◆ Assignment: Set down the line that contains "Chirp Signal/1 -> Gain/1" and every line after it to the end of the entries, exactly as they stand and nothing more.

[Recorded data]

──────────

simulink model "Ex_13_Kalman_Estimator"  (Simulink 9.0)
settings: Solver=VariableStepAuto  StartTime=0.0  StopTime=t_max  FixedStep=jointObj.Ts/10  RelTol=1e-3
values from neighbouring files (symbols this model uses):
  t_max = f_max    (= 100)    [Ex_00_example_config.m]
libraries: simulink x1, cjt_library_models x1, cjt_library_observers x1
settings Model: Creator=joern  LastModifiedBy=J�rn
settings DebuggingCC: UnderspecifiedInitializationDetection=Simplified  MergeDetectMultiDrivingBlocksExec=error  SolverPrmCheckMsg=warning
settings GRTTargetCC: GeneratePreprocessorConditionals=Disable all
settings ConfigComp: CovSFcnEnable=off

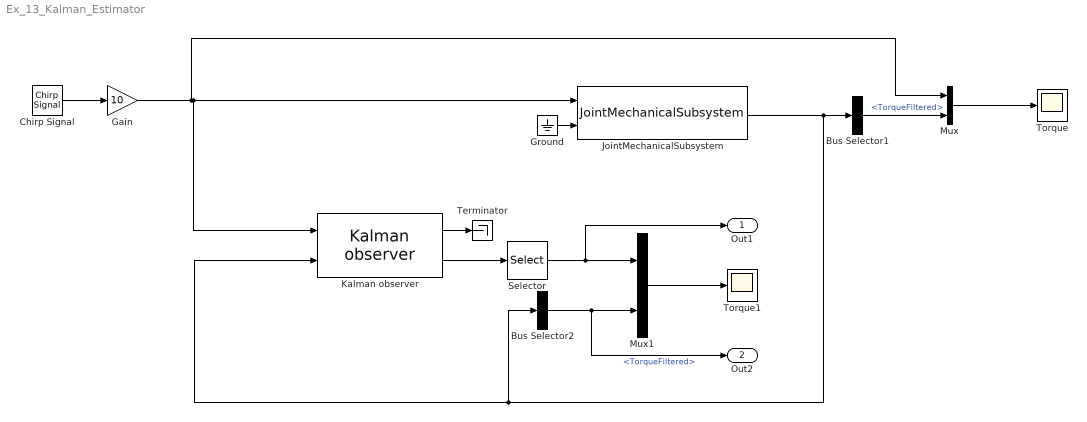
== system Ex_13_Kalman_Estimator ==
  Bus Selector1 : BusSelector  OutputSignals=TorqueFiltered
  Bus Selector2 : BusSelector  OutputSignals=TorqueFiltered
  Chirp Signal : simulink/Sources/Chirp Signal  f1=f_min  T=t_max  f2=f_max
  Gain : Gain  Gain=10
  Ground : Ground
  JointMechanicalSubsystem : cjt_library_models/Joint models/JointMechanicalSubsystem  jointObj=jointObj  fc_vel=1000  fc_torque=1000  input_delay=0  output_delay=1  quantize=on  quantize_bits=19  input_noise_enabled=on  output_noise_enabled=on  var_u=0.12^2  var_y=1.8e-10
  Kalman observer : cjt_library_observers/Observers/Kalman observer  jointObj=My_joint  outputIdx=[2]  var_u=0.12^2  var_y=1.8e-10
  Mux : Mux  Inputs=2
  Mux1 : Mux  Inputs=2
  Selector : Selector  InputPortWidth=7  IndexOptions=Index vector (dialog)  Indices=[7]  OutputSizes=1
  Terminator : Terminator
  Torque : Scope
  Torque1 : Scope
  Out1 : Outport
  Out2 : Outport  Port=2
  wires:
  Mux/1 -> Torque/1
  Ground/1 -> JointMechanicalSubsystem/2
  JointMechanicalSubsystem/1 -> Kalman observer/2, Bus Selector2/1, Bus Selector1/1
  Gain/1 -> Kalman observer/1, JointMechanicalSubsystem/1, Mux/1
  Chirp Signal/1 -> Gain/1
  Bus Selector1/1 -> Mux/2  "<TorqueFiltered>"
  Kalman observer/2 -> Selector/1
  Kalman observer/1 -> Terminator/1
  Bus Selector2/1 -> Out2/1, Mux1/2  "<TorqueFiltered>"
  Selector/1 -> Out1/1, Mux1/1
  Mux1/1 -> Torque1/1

──────────

◆ Answer box:
  Chirp Signal/1 -> Gain/1
  Bus Selector1/1 -> Mux/2  "<TorqueFiltered>"
  Kalman observer/2 -> Selector/1
  Kalman observer/1 -> Terminator/1
  Bus Selector2/1 -> Out2/1, Mux1/2  "<TorqueFiltered>"
  Selector/1 -> Out1/1, Mux1/1
  Mux1/1 -> Torque1/1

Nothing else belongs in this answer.